7. Contraindication to epinephrine, such as concurrent administration of ergot-type
drugs, monoamine oxidase (MAO) inhibitors or antidepressants of tryptoline or
imipramine types, conditions where the production or exacerbation of tachycardia could
provide fatal (e.g., poorly controlled thyrotoxicosis or severe heart disease) or any
other pathological conditions that might be aggravated by the effect of epinephrine.

8. Administration of investigational product within 30 days of 5 elimination half-lives
of such investigational product, whichever is longer, prior to study drug
administration or planned administration of another investigational product or
procedure during the subject's participation in this study.

9. History of, suspected, or known addiction to or abuse of illicit drug(s), prescription
medicine(s), or alcohol within the past 2 years.

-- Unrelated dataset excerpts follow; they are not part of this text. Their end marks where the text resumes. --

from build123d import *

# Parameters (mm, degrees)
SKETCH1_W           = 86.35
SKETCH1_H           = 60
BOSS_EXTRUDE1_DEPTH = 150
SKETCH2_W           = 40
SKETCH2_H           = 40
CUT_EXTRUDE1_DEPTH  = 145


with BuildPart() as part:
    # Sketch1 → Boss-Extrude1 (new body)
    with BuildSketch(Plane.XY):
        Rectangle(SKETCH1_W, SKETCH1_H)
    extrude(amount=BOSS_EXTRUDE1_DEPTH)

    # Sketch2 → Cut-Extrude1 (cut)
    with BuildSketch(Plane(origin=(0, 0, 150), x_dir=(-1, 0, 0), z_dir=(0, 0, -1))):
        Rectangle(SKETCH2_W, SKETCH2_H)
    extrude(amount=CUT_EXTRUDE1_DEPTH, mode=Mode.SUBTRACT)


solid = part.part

10. Uncontrolled anxiety, schizophrenia, or other psychiatric disorder that, in the
opinion of the investigator, may interfere with study assessments or compliance with
the protocol.

11. Significant medical conditions or laboratory results that, in the opinion of the
Investigator, indicate an increased vulnerability to study drugs and procedures, and
expose the subject to an unreasonable risk as a result of participating in this
clinical trial, such as: debilitating diseases, acute illnesses, hypotension, partial
or complete conduction block, impaired cardiac function, untreated hypertension,
advanced arteriosclerotic heart disease, cerebral vascular insufficiency, pre-existing
abnormal neurological or neuromuscular disease (e.g., epilepsy, myasthenia gravis),
advanced liver disease, severe renal impairment, advanced diabetes, co-morbid
conditions associated with an immunocompromised status such as blood dyscrasias,
HIV/AIDS, or recent chemotherapy.

In addition, the subject will be ineligible to receive study drug if she meets the
following criteria during surgery:

12. Any clinically significant event or condition uncovered during the surgery (e.g.,
excessive bleeding, acute sepsis) that might render the subject medically unstable or
complicate the subject's postoperative course.